To sort the dataframe we use the method DataFrame.sort_values. The details can be found here. Note that after sort_values we apply reset_index to reset the index just in case the index is massed by the sort operation.
Then we use DataFrame.equals to check whether they are the same.
df1sorted = df1.sort_values(by=df1.columns.tolist()).reset_index(drop=True)
df2sorted = df2.sort_values(by=df2.columns.tolist()).reset_index(drop=True)
print(df1sorted.equals(df2sorted))
True
So these two sets are really the same. The reason this happens can be seen from the following two graphs.

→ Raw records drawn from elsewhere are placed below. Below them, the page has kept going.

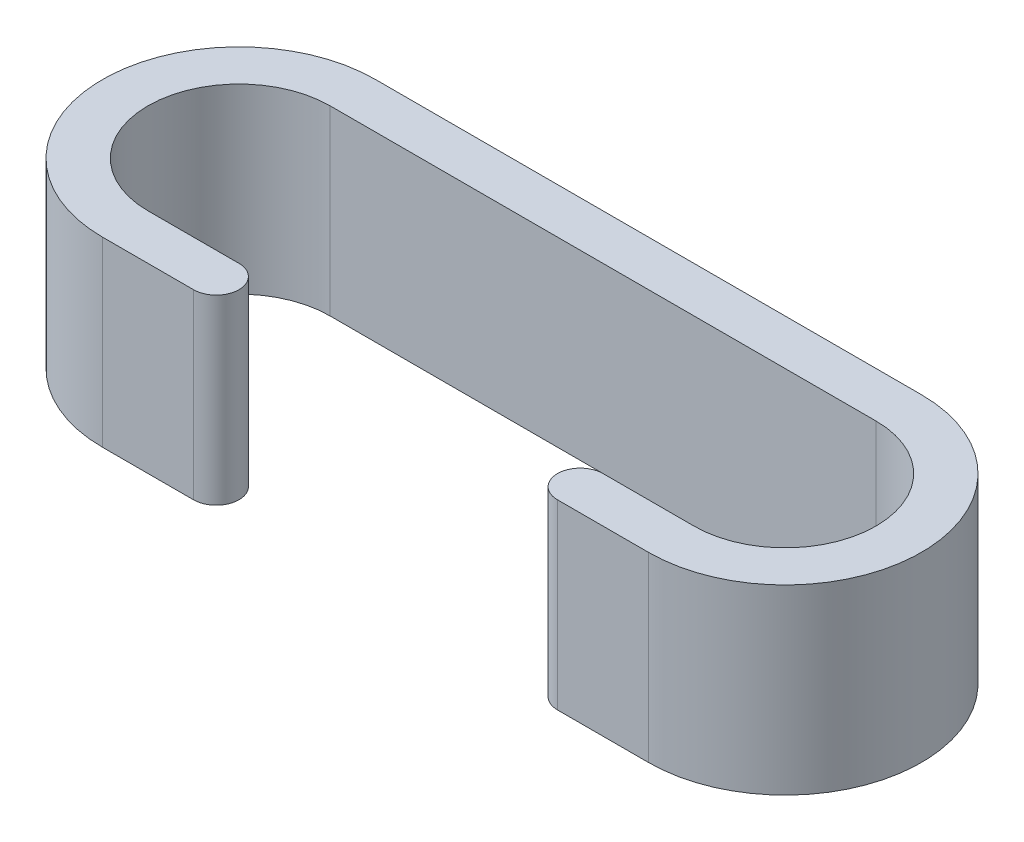
ISO-10303-21;
HEADER;
FILE_DESCRIPTION(('STEP AP214'),'2;1');
FILE_NAME('part.step','',(''),(''),'','','');
FILE_SCHEMA(('AUTOMOTIVE_DESIGN { 1 0 10303 214 1 1 1 1 }'));
ENDSEC;
DATA;
#1=APPLICATION_CONTEXT('core data for automotive mechanical design processes');
#2=APPLICATION_PROTOCOL_DEFINITION('international standard','automotive_design',2000,#1);
#3=PRODUCT_CONTEXT('',#1,'mechanical');
#4=PRODUCT('Part','Part','',(#3));
#5=PRODUCT_RELATED_PRODUCT_CATEGORY('part','',(#4));
#6=PRODUCT_DEFINITION_FORMATION('','',#4);
#7=PRODUCT_DEFINITION_CONTEXT('part definition',#1,'design');
#8=PRODUCT_DEFINITION('design','',#6,#7);
#9=PRODUCT_DEFINITION_SHAPE('','',#8);
#10=(LENGTH_UNIT() NAMED_UNIT(*) SI_UNIT(.MILLI.,.METRE.));
#11=(NAMED_UNIT(*) PLANE_ANGLE_UNIT() SI_UNIT($,.RADIAN.));
#12=(NAMED_UNIT(*) SI_UNIT($,.STERADIAN.) SOLID_ANGLE_UNIT());
#13=UNCERTAINTY_MEASURE_WITH_UNIT(LENGTH_MEASURE(1.E-05),#10,'distance_accuracy_value','');
#14=(GEOMETRIC_REPRESENTATION_CONTEXT(3) GLOBAL_UNCERTAINTY_ASSIGNED_CONTEXT((#13)) GLOBAL_UNIT_ASSIGNED_CONTEXT((#10,
#11,#12)) REPRESENTATION_CONTEXT('',''));
#15=CARTESIAN_POINT('',(0.,0.,0.));
#16=DIRECTION('',(0.,0.,1.));
#17=DIRECTION('',(1.,0.,0.));
#18=AXIS2_PLACEMENT_3D('',#15,#16,#17);
#19=CARTESIAN_POINT('',(-6.35,6.35,0.79375));
#20=DIRECTION('',(0.,-1.,0.));
#21=DIRECTION('',(0.,0.,-1.));
#22=AXIS2_PLACEMENT_3D('',#19,#20,#21);
#23=CYLINDRICAL_SURFACE('',#22,0.79375);
#24=CARTESIAN_POINT('',(-6.35,0.,0.79375));
#25=DIRECTION('',(0.,1.,0.));
#26=DIRECTION('',(0.,0.,-1.));
#27=AXIS2_PLACEMENT_3D('',#24,#25,#26);
#28=CIRCLE('',#27,0.79375);
#29=CARTESIAN_POINT('',(-6.35,0.,1.5875));
#30=VERTEX_POINT('',#29);
#31=CARTESIAN_POINT('',(-6.35,0.,0.));
#32=VERTEX_POINT('',#31);
#33=EDGE_CURVE('E153',#30,#32,#28,.T.);
#34=ORIENTED_EDGE('',*,*,#33,.T.);
#35=DIRECTION('',(0.,-1.,0.));
#36=VECTOR('',#35,1.);
#37=CARTESIAN_POINT('',(-6.35,6.35,0.));
#38=LINE('',#37,#36);
#39=CARTESIAN_POINT('',(-6.35,6.35,0.));
#40=VERTEX_POINT('',#39);
#41=EDGE_CURVE('E11',#40,#32,#38,.T.);
#42=ORIENTED_EDGE('',*,*,#41,.F.);
#43=CARTESIAN_POINT('',(-6.35,6.35,0.79375));
#44=DIRECTION('',(0.,1.,0.));
#45=DIRECTION('',(0.,0.,-1.));
#46=AXIS2_PLACEMENT_3D('',#43,#44,#45);
#47=CIRCLE('',#46,0.79375);
#48=CARTESIAN_POINT('',(-6.35,6.35,1.5875));
#49=VERTEX_POINT('',#48);
#50=EDGE_CURVE('E175',#49,#40,#47,.T.);
#51=ORIENTED_EDGE('',*,*,#50,.F.);
#52=DIRECTION('',(0.,-1.,0.));
#53=VECTOR('',#52,1.);
#54=CARTESIAN_POINT('',(-6.35,6.35,1.5875));
#55=LINE('',#54,#53);
#56=EDGE_CURVE('E149',#49,#30,#55,.T.);
#57=ORIENTED_EDGE('',*,*,#56,.T.);
#58=EDGE_LOOP('',(#34,#42,#51,#57));
#59=FACE_BOUND('',#58,.T.);
#60=ADVANCED_FACE('F33',(#59),#23,.T.);
#61=CARTESIAN_POINT('',(-6.35,6.35,0.));
#62=DIRECTION('',(0.,0.,1.));
#63=DIRECTION('',(1.,0.,0.));
#64=AXIS2_PLACEMENT_3D('',#61,#62,#63);
#65=PLANE('',#64);
#66=DIRECTION('',(-1.,0.,0.));
#67=VECTOR('',#66,1.);
#68=CARTESIAN_POINT('',(-6.35,0.,0.));
#69=LINE('',#68,#67);
#70=CARTESIAN_POINT('',(-9.525,0.,0.));
#71=VERTEX_POINT('',#70);
#72=EDGE_CURVE('E156',#32,#71,#69,.T.);
#73=ORIENTED_EDGE('',*,*,#72,.T.);
#74=DIRECTION('',(0.,-1.,0.));
#75=VECTOR('',#74,1.);
#76=CARTESIAN_POINT('',(-9.525,6.35,0.));
#77=LINE('',#76,#75);
#78=CARTESIAN_POINT('',(-9.525,6.35,0.));
#79=VERTEX_POINT('',#78);
#80=EDGE_CURVE('E41',#79,#71,#77,.T.);
#81=ORIENTED_EDGE('',*,*,#80,.F.);
#82=DIRECTION('',(-1.,0.,0.));
#83=VECTOR('',#82,1.);
#84=CARTESIAN_POINT('',(-6.35,6.35,0.));
#85=LINE('',#84,#83);
#86=EDGE_CURVE('E104',#40,#79,#85,.T.);
#87=ORIENTED_EDGE('',*,*,#86,.F.);
#88=ORIENTED_EDGE('',*,*,#41,.T.);
#89=EDGE_LOOP('',(#73,#81,#87,#88));
#90=FACE_BOUND('',#89,.T.);
#91=ADVANCED_FACE('F253',(#90),#65,.F.);
#92=CARTESIAN_POINT('',(-9.525,6.35,-3.175));
#93=DIRECTION('',(0.,-1.,0.));
#94=DIRECTION('',(0.,0.,-1.));
#95=AXIS2_PLACEMENT_3D('',#92,#93,#94);
#96=CYLINDRICAL_SURFACE('',#95,3.175);
#97=CARTESIAN_POINT('',(-9.525,0.,-3.175));
#98=DIRECTION('',(0.,-1.,0.));
#99=DIRECTION('',(0.,0.,-1.));
#100=AXIS2_PLACEMENT_3D('',#97,#98,#99);
#101=CIRCLE('',#100,3.175);
#102=CARTESIAN_POINT('',(-9.525,0.,-6.35));
#103=VERTEX_POINT('',#102);
#104=EDGE_CURVE('E158',#71,#103,#101,.T.);
#105=ORIENTED_EDGE('',*,*,#104,.T.);
#106=DIRECTION('',(0.,-1.,0.));
#107=VECTOR('',#106,1.);
#108=CARTESIAN_POINT('',(-9.525,6.35,-6.35));
#109=LINE('',#108,#107);
#110=CARTESIAN_POINT('',(-9.525,6.35,-6.35));
#111=VERTEX_POINT('',#110);
#112=EDGE_CURVE('E194',#111,#103,#109,.T.);
#113=ORIENTED_EDGE('',*,*,#112,.F.);
#114=CARTESIAN_POINT('',(-9.525,6.35,-3.175));
#115=DIRECTION('',(0.,-1.,0.));
#116=DIRECTION('',(0.,0.,-1.));
#117=AXIS2_PLACEMENT_3D('',#114,#115,#116);
#118=CIRCLE('',#117,3.175);
#119=EDGE_CURVE('E202',#79,#111,#118,.T.);
#120=ORIENTED_EDGE('',*,*,#119,.F.);
#121=ORIENTED_EDGE('',*,*,#80,.T.);
#122=EDGE_LOOP('',(#105,#113,#120,#121));
#123=FACE_BOUND('',#122,.T.);
#124=ADVANCED_FACE('F200',(#123),#96,.F.);
#125=CARTESIAN_POINT('',(-9.525,6.35,-6.35));
#126=DIRECTION('',(0.,0.,-1.));
#127=DIRECTION('',(-1.,0.,0.));
#128=AXIS2_PLACEMENT_3D('',#125,#126,#127);
#129=PLANE('',#128);
#130=DIRECTION('',(1.,0.,0.));
#131=VECTOR('',#130,1.);
#132=CARTESIAN_POINT('',(-9.525,0.,-6.35));
#133=LINE('',#132,#131);
#134=CARTESIAN_POINT('',(9.52499999999999,0.,-6.35));
#135=VERTEX_POINT('',#134);
#136=EDGE_CURVE('E160',#103,#135,#133,.T.);
#137=ORIENTED_EDGE('',*,*,#136,.T.);
#138=DIRECTION('',(0.,-1.,0.));
#139=VECTOR('',#138,1.);
#140=CARTESIAN_POINT('',(9.52499999999999,6.35,-6.35));
#141=LINE('',#140,#139);
#142=CARTESIAN_POINT('',(9.52499999999999,6.35,-6.35));
#143=VERTEX_POINT('',#142);
#144=EDGE_CURVE('E191',#143,#135,#141,.T.);
#145=ORIENTED_EDGE('',*,*,#144,.F.);
#146=DIRECTION('',(1.,0.,0.));
#147=VECTOR('',#146,1.);
#148=CARTESIAN_POINT('',(-9.525,6.35,-6.35));
#149=LINE('',#148,#147);
#150=EDGE_CURVE('E220',#111,#143,#149,.T.);
#151=ORIENTED_EDGE('',*,*,#150,.F.);
#152=ORIENTED_EDGE('',*,*,#112,.T.);
#153=EDGE_LOOP('',(#137,#145,#151,#152));
#154=FACE_BOUND('',#153,.T.);
#155=ADVANCED_FACE('F211',(#154),#129,.F.);
#156=CARTESIAN_POINT('',(9.525,6.35,-3.175));
#157=DIRECTION('',(0.,-1.,0.));
#158=DIRECTION('',(0.,0.,-1.));
#159=AXIS2_PLACEMENT_3D('',#156,#157,#158);
#160=CYLINDRICAL_SURFACE('',#159,3.175);
#161=CARTESIAN_POINT('',(9.525,0.,-3.175));
#162=DIRECTION('',(0.,-1.,0.));
#163=DIRECTION('',(0.,0.,-1.));
#164=AXIS2_PLACEMENT_3D('',#161,#162,#163);
#165=CIRCLE('',#164,3.175);
#166=CARTESIAN_POINT('',(9.525,0.,0.));
#167=VERTEX_POINT('',#166);
#168=EDGE_CURVE('E162',#135,#167,#165,.T.);
#169=ORIENTED_EDGE('',*,*,#168,.T.);
#170=DIRECTION('',(0.,-1.,0.));
#171=VECTOR('',#170,1.);
#172=CARTESIAN_POINT('',(9.525,6.35,0.));
#173=LINE('',#172,#171);
#174=CARTESIAN_POINT('',(9.525,6.35,0.));
#175=VERTEX_POINT('',#174);
#176=EDGE_CURVE('E188',#175,#167,#173,.T.);
#177=ORIENTED_EDGE('',*,*,#176,.F.);
#178=CARTESIAN_POINT('',(9.525,6.35,-3.175));
#179=DIRECTION('',(0.,-1.,0.));
#180=DIRECTION('',(0.,0.,-1.));
#181=AXIS2_PLACEMENT_3D('',#178,#179,#180);
#182=CIRCLE('',#181,3.175);
#183=EDGE_CURVE('E217',#143,#175,#182,.T.);
#184=ORIENTED_EDGE('',*,*,#183,.F.);
#185=ORIENTED_EDGE('',*,*,#144,.T.);
#186=EDGE_LOOP('',(#169,#177,#184,#185));
#187=FACE_BOUND('',#186,.T.);
#188=ADVANCED_FACE('F215',(#187),#160,.F.);
#189=CARTESIAN_POINT('',(9.525,6.35,0.));
#190=DIRECTION('',(0.,0.,1.));
#191=DIRECTION('',(1.,0.,0.));
#192=AXIS2_PLACEMENT_3D('',#189,#190,#191);
#193=PLANE('',#192);
#194=DIRECTION('',(-1.,0.,0.));
#195=VECTOR('',#194,1.);
#196=CARTESIAN_POINT('',(9.525,0.,0.));
#197=LINE('',#196,#195);
#198=CARTESIAN_POINT('',(6.35,0.,0.));
#199=VERTEX_POINT('',#198);
#200=EDGE_CURVE('E164',#167,#199,#197,.T.);
#201=ORIENTED_EDGE('',*,*,#200,.T.);
#202=DIRECTION('',(0.,-1.,0.));
#203=VECTOR('',#202,1.);
#204=CARTESIAN_POINT('',(6.35,6.35,0.));
#205=LINE('',#204,#203);
#206=CARTESIAN_POINT('',(6.35,6.35,0.));
#207=VERTEX_POINT('',#206);
#208=EDGE_CURVE('E185',#207,#199,#205,.T.);
#209=ORIENTED_EDGE('',*,*,#208,.F.);
#210=DIRECTION('',(-1.,0.,0.));
#211=VECTOR('',#210,1.);
#212=CARTESIAN_POINT('',(9.525,6.35,0.));
#213=LINE('',#212,#211);
#214=EDGE_CURVE('E219',#175,#207,#213,.T.);
#215=ORIENTED_EDGE('',*,*,#214,.F.);
#216=ORIENTED_EDGE('',*,*,#176,.T.);
#217=EDGE_LOOP('',(#201,#209,#215,#216));
#218=FACE_BOUND('',#217,.T.);
#219=ADVANCED_FACE('F266',(#218),#193,.F.);
#220=CARTESIAN_POINT('',(6.35,6.35,0.793749999999997));
#221=DIRECTION('',(0.,-1.,0.));
#222=DIRECTION('',(0.,0.,-1.));
#223=AXIS2_PLACEMENT_3D('',#220,#221,#222);
#224=CYLINDRICAL_SURFACE('',#223,0.79375);
#225=CARTESIAN_POINT('',(6.35,0.,0.793749999999997));
#226=DIRECTION('',(0.,1.,0.));
#227=DIRECTION('',(0.,0.,1.));
#228=AXIS2_PLACEMENT_3D('',#225,#226,#227);
#229=CIRCLE('',#228,0.79375);
#230=CARTESIAN_POINT('',(6.35,0.,1.5875));
#231=VERTEX_POINT('',#230);
#232=EDGE_CURVE('E166',#199,#231,#229,.T.);
#233=ORIENTED_EDGE('',*,*,#232,.T.);
#234=DIRECTION('',(0.,-1.,0.));
#235=VECTOR('',#234,1.);
#236=CARTESIAN_POINT('',(6.35,6.35,1.5875));
#237=LINE('',#236,#235);
#238=CARTESIAN_POINT('',(6.35,6.35,1.5875));
#239=VERTEX_POINT('',#238);
#240=EDGE_CURVE('E182',#239,#231,#237,.T.);
#241=ORIENTED_EDGE('',*,*,#240,.F.);
#242=CARTESIAN_POINT('',(6.35,6.35,0.793749999999997));
#243=DIRECTION('',(0.,1.,0.));
#244=DIRECTION('',(0.,0.,1.));
#245=AXIS2_PLACEMENT_3D('',#242,#243,#244);
#246=CIRCLE('',#245,0.79375);
#247=EDGE_CURVE('E222',#207,#239,#246,.T.);
#248=ORIENTED_EDGE('',*,*,#247,.F.);
#249=ORIENTED_EDGE('',*,*,#208,.T.);
#250=EDGE_LOOP('',(#233,#241,#248,#249));
#251=FACE_BOUND('',#250,.T.);
#252=ADVANCED_FACE('F269',(#251),#224,.T.);
#253=CARTESIAN_POINT('',(9.52499999999999,6.35,1.5875));
#254=DIRECTION('',(0.,0.,-1.));
#255=DIRECTION('',(-1.,0.,0.));
#256=AXIS2_PLACEMENT_3D('',#253,#254,#255);
#257=PLANE('',#256);
#258=DIRECTION('',(1.,0.,0.));
#259=VECTOR('',#258,1.);
#260=CARTESIAN_POINT('',(9.52499999999999,0.,1.5875));
#261=LINE('',#260,#259);
#262=CARTESIAN_POINT('',(9.52499999999999,0.,1.5875));
#263=VERTEX_POINT('',#262);
#264=EDGE_CURVE('E168',#231,#263,#261,.T.);
#265=ORIENTED_EDGE('',*,*,#264,.T.);
#266=DIRECTION('',(0.,-1.,0.));
#267=VECTOR('',#266,1.);
#268=CARTESIAN_POINT('',(9.52499999999999,6.35,1.5875));
#269=LINE('',#268,#267);
#270=CARTESIAN_POINT('',(9.52499999999999,6.35,1.5875));
#271=VERTEX_POINT('',#270);
#272=EDGE_CURVE('E179',#271,#263,#269,.T.);
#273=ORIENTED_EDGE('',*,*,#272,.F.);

So you can see that either way can give us the same classification. This means that given one dataset the construction of the decision tree might be random at some points.
Note
Since the split is random, when using sklearn.DecisionTreeClassifier to construct decision trees, sometimes we might get the same tree as what we get from our naive codes.
To illustrate this phenomenaon I need to set the random state in case it will generate the same tree as ours when I need it to generate a different tree. The parameter random_state=40 mentioned before is for this purpose.
Another difference is the split value of the second branch. In our case it is 1.7 and in sklearn case it is 1.75. So after we get the right subset from the first split (which is called dfr), we would split it into two sets based on whether the second feature is above or below 1.7.
dfr = df[df[0]>1.9]
df2a = dfr[dfr[1]>1.7]
df2b = dfr[dfr[1]<=1.7]
print(df2b[1].max())
print(df2a[1].min())
1.7
1.8
Now you can see where the split number comes from. In our code, when we found a split, we will directly use that number as the cut. In this case it is 1.7.
In sklearn, when it finds a split, the algorithm will go for the middle of the gap as the cut. In this case it is (1.7+1.8)/2=1.75.